(GOAL OF THE EXERCISE) From the material below, return every line that includes "SingleDuct".

(PROVIDED DATA)
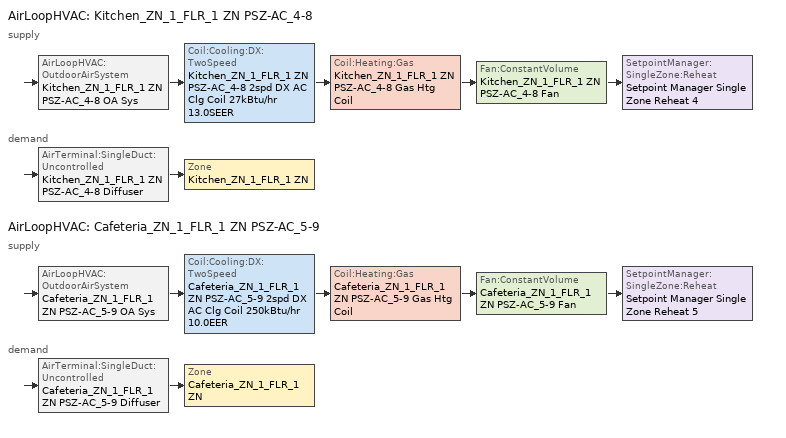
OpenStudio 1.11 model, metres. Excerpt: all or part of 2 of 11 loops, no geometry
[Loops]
AirLoopHVAC 'Kitchen_ZN_1_FLR_1 ZN PSZ-AC_4-8'
 supply: AirLoopHVAC:OutdoorAirSystem 'Kitchen_ZN_1_FLR_1 ZN PSZ-AC_4-8 OA Sys' > Coil:Cooling:DX:TwoSpeed 'Kitchen_ZN_1_FLR_1 ZN PSZ-AC_4-8 2spd DX AC Clg Coil 27kBtu/hr 13.0SEER' > Coil:Heating:Gas 'Kitchen_ZN_1_FLR_1 ZN PSZ-AC_4-8 Gas Htg Coil' > Fan:ConstantVolume 'Kitchen_ZN_1_FLR_1 ZN PSZ-AC_4-8 Fan' > SetpointManager:SingleZone:Reheat 'Setpoint Manager Single Zone Reheat 4'
 demand: AirTerminal:SingleDuct:Uncontrolled 'Kitchen_ZN_1_FLR_1 ZN PSZ-AC_4-8 Diffuser' > Zone 'Kitchen_ZN_1_FLR_1 ZN'
AirLoopHVAC 'Cafeteria_ZN_1_FLR_1 ZN PSZ-AC_5-9'
 supply: AirLoopHVAC:OutdoorAirSystem 'Cafeteria_ZN_1_FLR_1 ZN PSZ-AC_5-9 OA Sys' > Coil:Cooling:DX:TwoSpeed 'Cafeteria_ZN_1_FLR_1 ZN PSZ-AC_5-9 2spd DX AC Clg Coil 250kBtu/hr 10.0EER' > Coil:Heating:Gas 'Cafeteria_ZN_1_FLR_1 ZN PSZ-AC_5-9 Gas Htg Coil' > Fan:ConstantVolume 'Cafeteria_ZN_1_FLR_1 ZN PSZ-AC_5-9 Fan' > SetpointManager:SingleZone:Reheat 'Setpoint Manager Single Zone Reheat 5'
 demand: AirTerminal:SingleDuct:Uncontrolled 'Cafeteria_ZN_1_FLR_1 ZN PSZ-AC_5-9 Diffuser' > Zone 'Cafeteria_ZN_1_FLR_1 ZN'
[Sizing:Zone] Zone Cooling Design Supply Air Temperature Input Method=SupplyAirTemperature; Zone Cooling Design Supply Air Temperature {C}=12.8; Zone Cooling Design Supply Air Temperature Difference {deltaC}=11.11; Zone Heating Design Supply Air Temperature Input Method=SupplyAirTemperature; Zone Heating Design Supply Air Temperature {C}=40; Zone Heating Design Supply Air Temperature Difference {deltaC}=11.11; Zone Cooling Design Supply Air Humidity Ratio {kg-H2O/kg-air}=0.0085; Zone Heating Design Supply Air Humidity Ratio {kg-H2O/kg-air}=0.008; Cooling Design Air Flow Method=DesignDay; Heating Design Air Flow Method=DesignDay; Account for Dedicated Outdoor Air System=No; Dedicated Outdoor Air System Control Strategy=NeutralSupplyAir; Dedicated Outdoor Air Low Setpoint Temperature for Design {C}=Autosize; Dedicated Outdoor Air High Setpoint Temperature for Design {C}=Autosize
Cafeteria_ZN_1_FLR_1 ZN; Kitchen_ZN_1_FLR_1 ZN
[Zone equipment]
Cafeteria_ZN_1_FLR_1 ZN: Cafeteria_ZN_1_FLR_1 ZN PSZ-AC_5-9 Diffuser
Kitchen_ZN_1_FLR_1 ZN: Kitchen_ZN_1_FLR_1 ZN PSZ-AC_4-8 Diffuser, Kitchen_ZN_1_FLR_1 ZN Exhaust Fan
[AirLoopHVAC] Availability Schedule=SchoolSecondary HVACOperationSchd; Design Supply Air Flow Rate {m3/s}=AutoSize
Name | Availability Manager
Kitchen_ZN_1_FLR_1 ZN PSZ-AC_4-8 | Availability Manager Night Cycle 8
Cafeteria_ZN_1_FLR_1 ZN PSZ-AC_5-9 | Availability Manager Night Cycle 9
[Sizing:System] Type of Load to Size On=Sensible; Design Outdoor Air Flow Rate {m3/s}=Autosize; Minimum System Air Flow Ratio=1; Preheat Design Temperature {C}=7; Preheat Design Humidity Ratio {kg-H2O/kg-Air}=0.008; Precool Design Temperature {C}=12.8; Precool Design Humidity Ratio {kg-H2O/kg-Air}=0.008; Central Cooling Design Supply Air Temperature {C}=12.8; Central Heating Design Supply Air Temperature {C}=40; Sizing Option=Coincident; 100% Outdoor Air in Cooling=No; 100% Outdoor Air in Heating=No; Central Cooling Design Supply Air Humidity Ratio {kg-H2O/kg-Air}=0.0085; Central Heating Design Supply Air Humidity Ratio {kg-H2O/kg-Air}=0.008; Cooling Design Air Flow Method=DesignDay; Cooling Design Air Flow Rate {m3/s}=0; Heating Design Air Flow Method=DesignDay; Heating Design Air Flow Rate {m3/s}=0; System Outdoor Air Method=ZoneSum; Zone Maximum Outdoor Air Fraction=1; Cooling Supply Air Flow Rate Per Floor Area {m3/s-m2}=0.00996765; Cooling Fraction of Autosized Cooling Supply Air Flow Rate=1; Cooling Supply Air Flow Rate Per Unit Cooling Capacity {m3/s-W}=3.94755e-05; Heating Supply Air Flow Rate Per Floor Area {m3/s-m2}=0.00996765; Heating Fraction of Autosized Heating Supply Air Flow Rate=1; Heating Fraction of Autosized Cooling Supply Air Flow Rate=1; Heating Supply Air Flow Rate Per Unit Heating Capacity {m3/s-W}=3.15882e-05; Cooling Design Capacity Method=CoolingDesignCapacity; Cooling Design Capacity {W}=autosize; Cooling Design Capacity Per Floor Area {W/m2}=234.7; Fraction of Autosized Cooling Design Capacity=1; Heating Design Capacity Method=HeatingDesignCapacity; Heating Design Capacity {W}=autosize; Heating Design Capacity Per Floor Area {W/m2}=157; Fraction of Autosized Heating Design Capacity=1; Central Cooling Capacity Control Method=OnOff
Kitchen_ZN_1_FLR_1 ZN PSZ-AC_4-8; Cafeteria_ZN_1_FLR_1 ZN PSZ-AC_5-9
[Controller:OutdoorAir] Minimum Outdoor Air Flow Rate {m3/s}=Autosize; Maximum Outdoor Air Flow Rate {m3/s}=Autosize; Economizer Control Action Type=ModulateFlow; Economizer Maximum Limit Dry-Bulb Temperature {C}=28; Economizer Maximum Limit Enthalpy {J/kg}=64000; Economizer Minimum Limit Dry-Bulb Temperature {C}=-100; Lockout Type=NoLockout; Minimum Limit Type=FixedMinimum; Minimum Outdoor Air Schedule=Always On Discrete; High Humidity Control=No; Heat Recovery Bypass Control Type=BypassWhenOAFlowGreaterThanMinimum
Name | Economizer Control Type | Controller Mechanical Ventilation
Kitchen_ZN_1_FLR_1 ZN PSZ-AC_4-8 OA Sys Controller | NoEconomizer | Controller Mechanical Ventilation 4
Cafeteria_ZN_1_FLR_1 ZN PSZ-AC_5-9 OA Sys Controller | DifferentialEnthalpy | Controller Mechanical Ventilation 5
[Controller:MechanicalVentilation] Availability Schedule=Always On Discrete; System Outdoor Air Method=ZoneSum
Controller Mechanical Ventilation 4; Controller Mechanical Ventilation 5
[AirLoopHVAC:OutdoorAirSystem]
Name | Controller
Kitchen_ZN_1_FLR_1 ZN PSZ-AC_4-8 OA Sys | Kitchen_ZN_1_FLR_1 ZN PSZ-AC_4-8 OA Sys Controller
Cafeteria_ZN_1_FLR_1 ZN PSZ-AC_5-9 OA Sys | Cafeteria_ZN_1_FLR_1 ZN PSZ-AC_5-9 OA Sys Controller
[AvailabilityManager:NightCycle] Control Type=CycleOnAny; Thermostat Tolerance {deltaC}=1; Cycling Run Time {s}=3600
Availability Manager Night Cycle 8; Availability Manager Night Cycle 9
[SetpointManager:SingleZone:Reheat] Minimum Supply Air Temperature {C}=10; Maximum Supply Air Temperature {C}=50
Name | Control Zone
Setpoint Manager Single Zone Reheat 4 | Kitchen_ZN_1_FLR_1 ZN
Setpoint Manager Single Zone Reheat 5 | Cafeteria_ZN_1_FLR_1 ZN
[Fan:ConstantVolume] Availability Schedule=SchoolSecondary HVACOperationSchd; Fan Efficiency=0.54; Pressure Rise {Pa}=622.722; Maximum Flow Rate {m3/s}=AutoSize; Motor Efficiency=0.9
Kitchen_ZN_1_FLR_1 ZN PSZ-AC_4-8 Fan; Cafeteria_ZN_1_FLR_1 ZN PSZ-AC_5-9 Fan
[Coil:Heating:Gas] Availability Schedule=Always On Discrete; Gas Burner Efficiency=0.8; Nominal Capacity {W}=AutoSize; Parasitic Electric Load {W}=0; Parasitic Gas Load {W}=0
Kitchen_ZN_1_FLR_1 ZN PSZ-AC_4-8 Gas Htg Coil; Cafeteria_ZN_1_FLR_1 ZN PSZ-AC_5-9 Gas Htg Coil
[Coil:Cooling:DX:TwoSpeed] Availability Schedule=Always On Discrete; Rated High Speed Total Cooling Capacity {W}=Autosize; Rated High Speed Sensible Heat Ratio=Autosize; Rated High Speed Air Flow Rate {m3/s}=Autosize; Rated Low Speed Total Cooling Capacity {W}=Autosize; Rated Low Speed Sensible Heat Ratio=0.69; Condenser Type=AirCooled; High Speed Evaporative Condenser Effectiveness=0; High Speed Evaporative Condenser Air Flow Rate {m3/s}=Autosize; High Speed Evaporative Condenser Pump Rated Power Consumption {W}=Autosize; Low Speed Evaporative Condenser Effectiveness=0; Low Speed Evaporative Condenser Air Flow Rate {m3/s}=Autosize; Low Speed Evaporative Condenser Pump Rated Power Consumption {W}=Autosize; Basin Heater Capacity {W/K}=10; Basin Heater Setpoint Temperature {C}=2
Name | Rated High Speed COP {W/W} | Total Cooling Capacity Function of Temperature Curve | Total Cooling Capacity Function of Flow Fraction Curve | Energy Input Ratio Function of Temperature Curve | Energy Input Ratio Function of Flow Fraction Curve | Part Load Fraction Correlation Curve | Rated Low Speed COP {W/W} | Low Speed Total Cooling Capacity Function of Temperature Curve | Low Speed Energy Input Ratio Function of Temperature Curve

(RESPONSE)
 demand: AirTerminal:SingleDuct:Uncontrolled 'Kitchen_ZN_1_FLR_1 ZN PSZ-AC_4-8 Diffuser' > Zone 'Kitchen_ZN_1_FLR_1 ZN'
 demand: AirTerminal:SingleDuct:Uncontrolled 'Cafeteria_ZN_1_FLR_1 ZN PSZ-AC_5-9 Diffuser' > Zone 'Cafeteria_ZN_1_FLR_1 ZN'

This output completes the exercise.